Nessa, Harriet and Jo are brought together to investigate the death of a young girl, which turns out to be the death of multiple young girls going back years. They are the only ones not willing to believe the narrative set out by the police, that this girl who no one knows, no one has a name for, must have been a drug user and overdosed, never questioning how she ended up in a bin bag placed on the side of the road. But alongside this is the mystery of what is happening to our three characters. Miller changes the narrative around menopause, she ignores the taboo about talking about women’s bodily functions and brings all the changes, good and bad to light. Shes uses the fantasy element to make these changes bigger and better, something to embrace, rather than shy away from. She shows that a woman’s life doesn’t end with their menopause, rather they metomophasize into something new and better.

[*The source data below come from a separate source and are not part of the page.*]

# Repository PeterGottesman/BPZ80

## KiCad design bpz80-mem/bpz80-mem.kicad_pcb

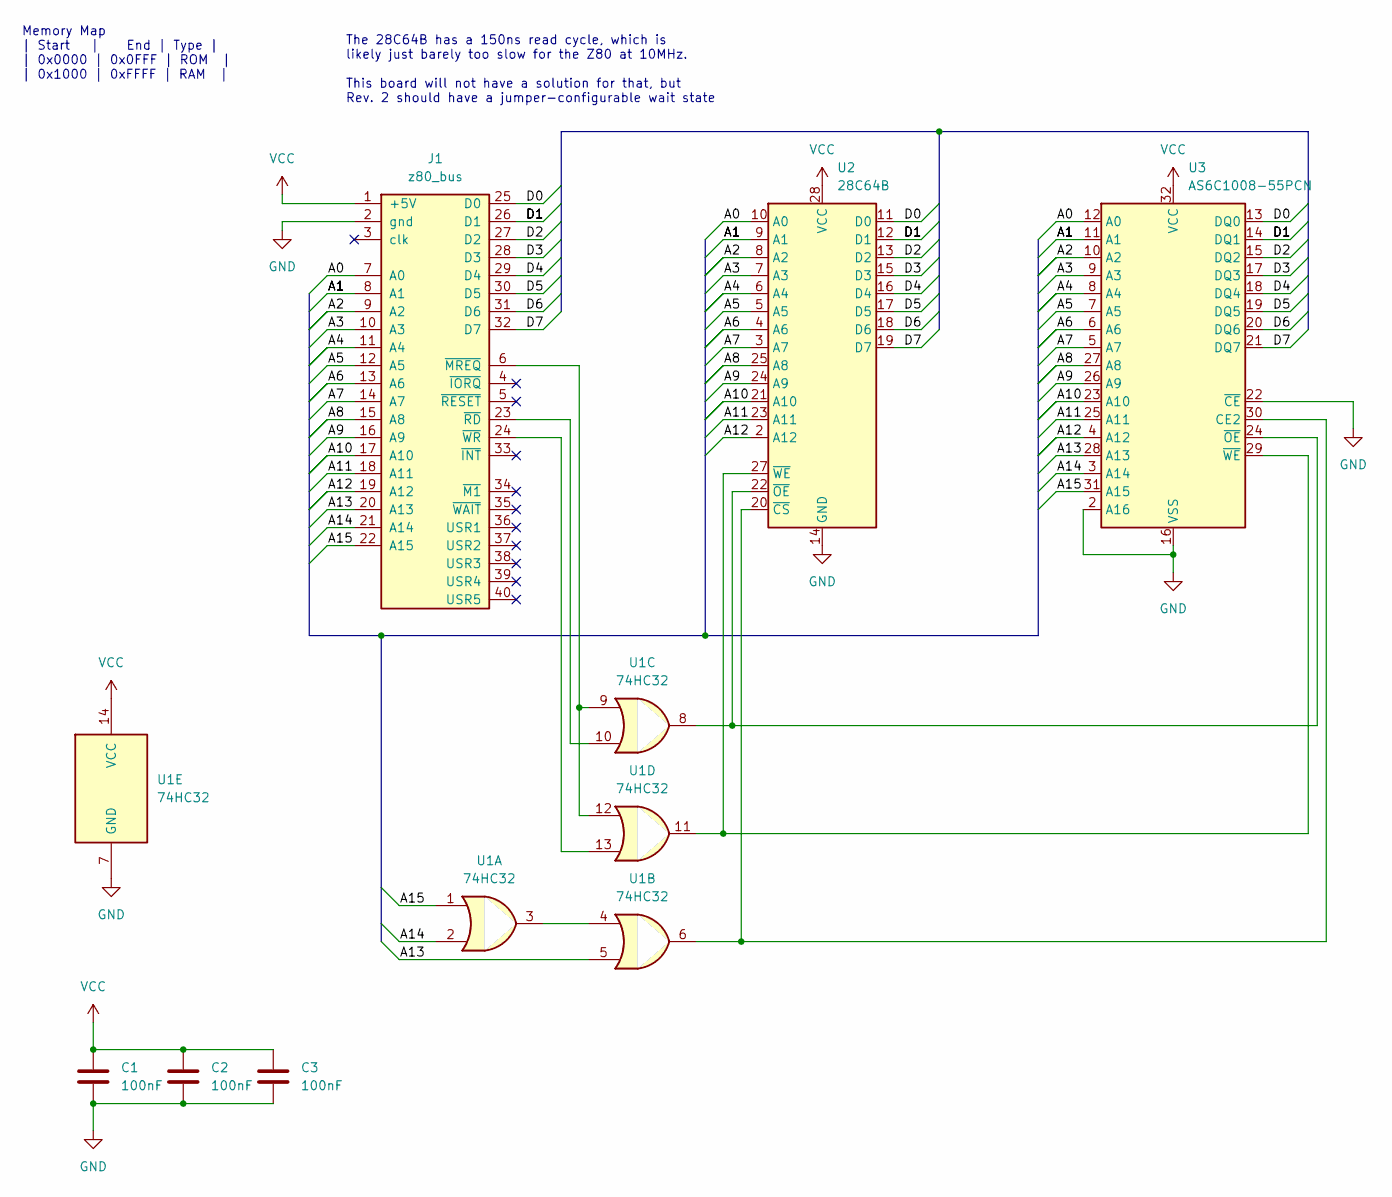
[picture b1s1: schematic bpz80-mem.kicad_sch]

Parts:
C1, C2, C3: 100nF; C_Disc_D5.0mm_W2.5mm_P5.00mm
J1: z80_bus; PinHeader_2x20_P2.54mm_Horizontal
U1: 74HC32; DIP-14_W7.62mm_Socket
U2: 28C64B; DIP-28_W15.24mm_Socket
U3: AS6C1008-55PCN; DIP-32_W15.24mm_Socket

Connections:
/A0: J1.7 (A0), U2.10 (A0), U3.12 (A0)
/A1: J1.8 (A1), U2.9 (A1), U3.11 (A1)
/A2: J1.9 (A2), U2.8 (A2), U3.10 (A2)
/A3: J1.10 (A3), U2.7 (A3), U3.9 (A3)
/A4: J1.11 (A4), U2.6 (A4), U3.8 (A4)
/A5: J1.12 (A5), U2.5 (A5), U3.7 (A5)
/A6: J1.13 (A6), U2.4 (A6), U3.6 (A6)
/A7: J1.14 (A7), U2.3 (A7), U3.5 (A7)
/A8: J1.15 (A8), U2.25 (A8), U3.27 (A8)
/A9: J1.16 (A9), U2.24 (A9), U3.26 (A9)
/A10: J1.17 (A10), U2.21 (A10), U3.23 (A10)
/A11: J1.18 (A11), U2.23 (A11), U3.25 (A11)
/A12: J1.19 (A12), U2.2 (A12), U3.4 (A12)
/A13: J1.20 (A13), U1.5, U3.28 (A13)
/A14: J1.21 (A14), U1.2, U3.3 (A14)
/A15: J1.22 (A15), U1.1, U3.31 (A15)
/D0: J1.25 (D0), U2.11 (D0), U3.13 (DQ0)
/D1: J1.26 (D1), U2.12 (D1), U3.14 (DQ1)
/D2: J1.27 (D2), U2.13 (D2), U3.15 (DQ2)
/D3: J1.28 (D3), U2.15 (D3), U3.17 (DQ3)
/D4: J1.29 (D4), U2.16 (D4), U3.18 (DQ4)
/D5: J1.30 (D5), U2.17 (D5), U3.19 (DQ5)
/D6: J1.31 (D6), U2.18 (D6), U3.20 (DQ6)
/D7: J1.32 (D7), U2.19 (D7), U3.21 (DQ7)
GND: C1.2, C2.2, C3.2, J1.2 (gnd), U1.7 (GND), U2.14 (GND), U3.2 (A16), U3.16 (VSS), U3.22 (~CE)
unnamed: J1.6 (~MREQ), U1.9, U1.12
unnamed: J1.23 (~RD), U1.10
unnamed: J1.24 (~WR), U1.13
unnamed: U1.3, U1.4
unnamed: U1.6, U2.20 (~CS), U3.30 (CE2)
unnamed: U1.8, U2.22 (~OE), U3.24 (~OE)
unnamed: U1.11, U2.27 (~WE), U3.29 (~WE)
VCC: C1.1, C2.1, C3.1, J1.1 (+5V), U1.14 (VCC), U2.28 (VCC), U3.32 (VCC)

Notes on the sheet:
Memory Map | Start | End | Type | | 0x0000 | 0x0FFF | ROM | | 0x1000 | 0xFFFF | RAM |
The 28C64B has a 150ns read cycle, which is likely just barely too slow for the Z80 at 10MHz. This board will not have a solution for that, but Rev. 2 should have a jumper-configurable wait state

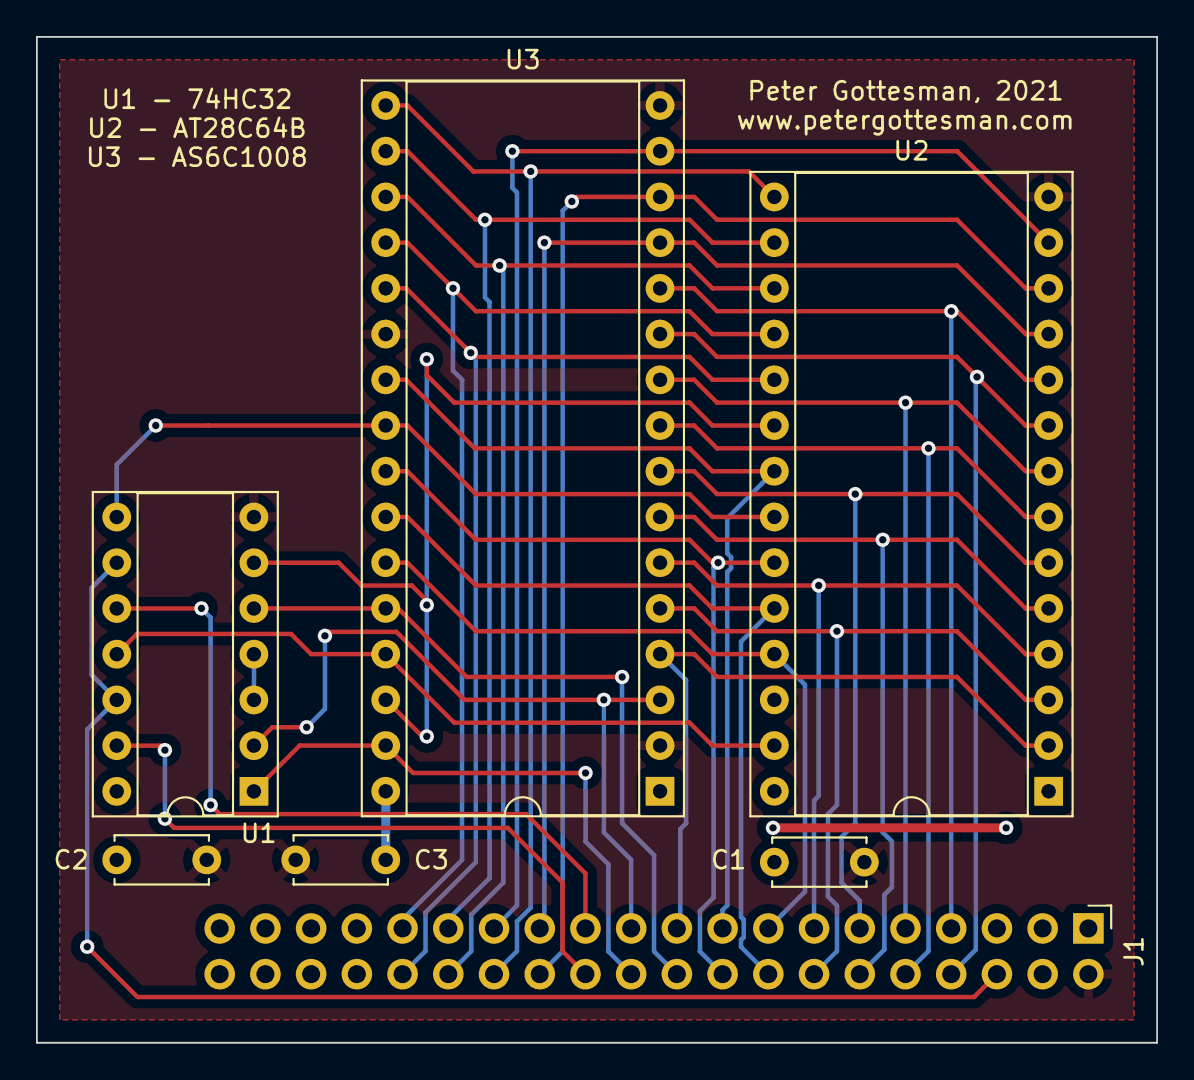
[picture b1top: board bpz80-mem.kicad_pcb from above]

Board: 2 copper layers, 62.2 x 55.9 mm, 7 parts (0 on the bottom side), 33 nets.

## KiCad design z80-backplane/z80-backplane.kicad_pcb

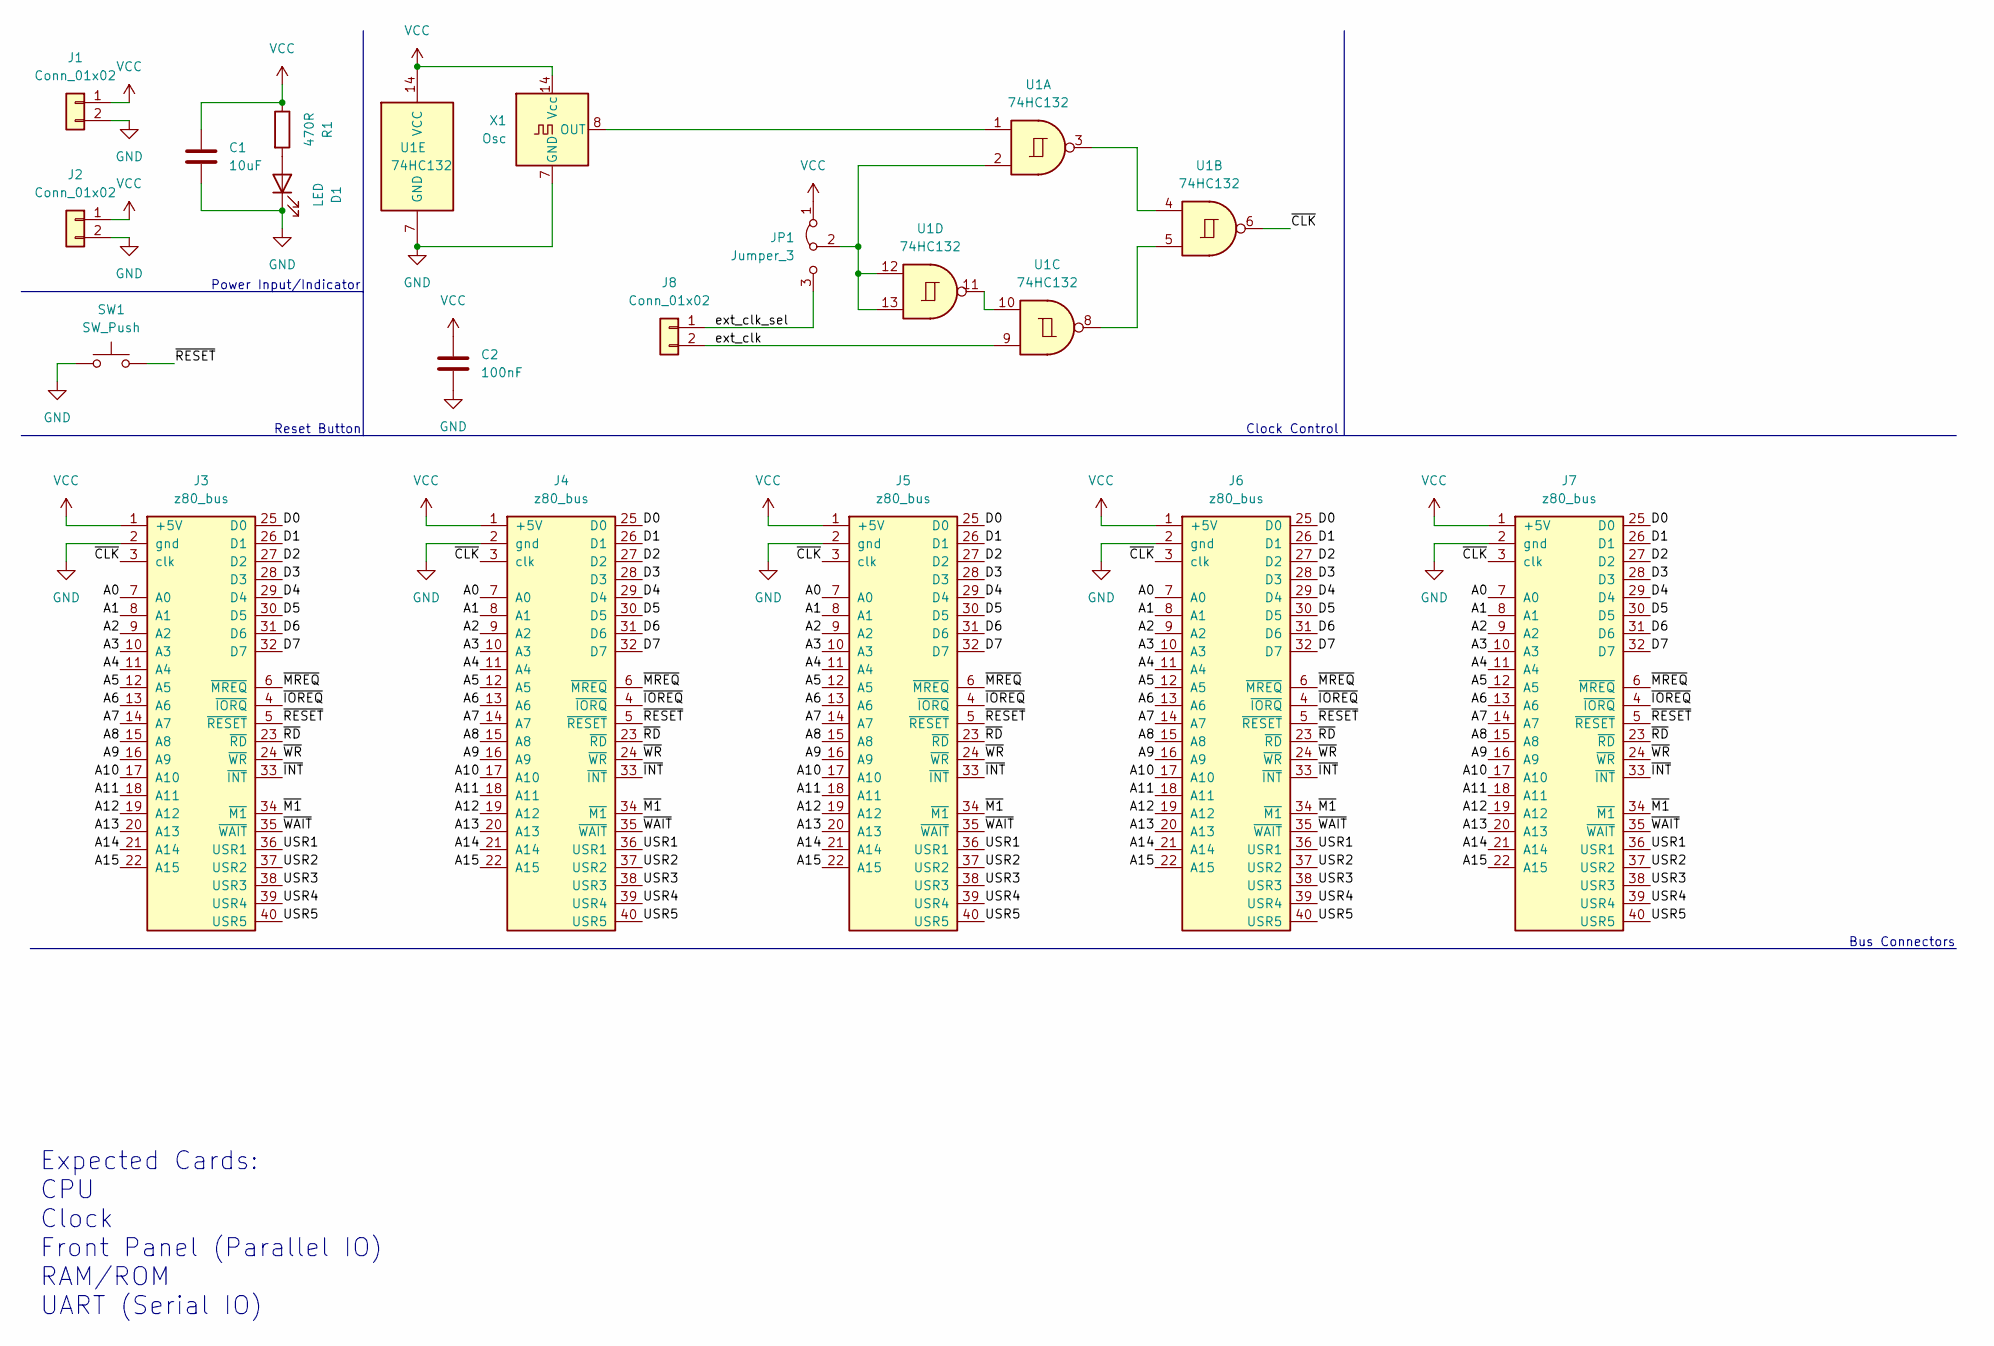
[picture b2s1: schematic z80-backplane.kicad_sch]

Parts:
C1: 10uF; C_Radial_D4.0mm_H5.0mm_P1.50mm
C2: 100nF; C_Disc_D5.0mm_W2.5mm_P5.00mm
D1: LED; LED_D4.0mm
J1: Conn_01x02; PinSocket_1x02_P2.54mm_Vertical
J2, J8: Conn_01x02; PinHeader_1x02_P2.54mm_Vertical
J3, J4, J5, J6, J7: z80_bus; PinSocket_2x20_P2.54mm_Vertical
JP1: Jumper_3; PinHeader_1x03_P2.54mm_Vertical
R1: 470R; R_Axial_DIN0207_L6.3mm_D2.5mm_P10.16mm_Horizontal
SW1: SW_Push; SW_PUSH_6mm
U1: 74HC132; DIP-14_W7.62mm_Socket
X1: Osc; Oscillator_DIP-14

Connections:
/A0: J3.7 (A0), J4.7 (A0), J5.7 (A0), J6.7 (A0), J7.7 (A0)
/A1: J3.8 (A1), J4.8 (A1), J5.8 (A1), J6.8 (A1), J7.8 (A1)
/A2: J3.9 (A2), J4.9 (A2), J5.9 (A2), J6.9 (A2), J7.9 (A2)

It’s hard not to get angry reading this story, seeing the slights and general uncaring nature of the police when a young woman gets murdered, especially if she comes from the wrong side of town. But what really makes you angry is knowing this kind of shit happens all the time. We live in a world run by men, who see women as lesser, as assets to be used rather than someone on equal footing, playthings to use and dispose of as they wish. But the thing she really brings to light in this book is that not all women are allies, most of us are, but there are others out there who are more than willing to throw others under the bus if it furthers their goals, and these women are almost worse than the men. It’s blunt in parts, and almost over the top in others, but she uses these to show that women aren’t going to go down without a fight, and I loved every single bit of it.

I’ve been eager to get my hands on this book since it was announced and it’s fair to say it hit the spot for me. This is the latest in angry feminist fiction I’ve been reading lately and I am loving reading characters and stories that validate my feelings, that make me understand there are other people out there who feel the injustice of the world just as much as I do. You should read this book if you like your fantasy on the subtler side, characters who aren’t defined by society and who absolutely kick ass when needed, and a heartbreaking mystery to get your teeth stuck in to. An easy 4/5 stars, and I can’t wait to see what Miller has in store for us next.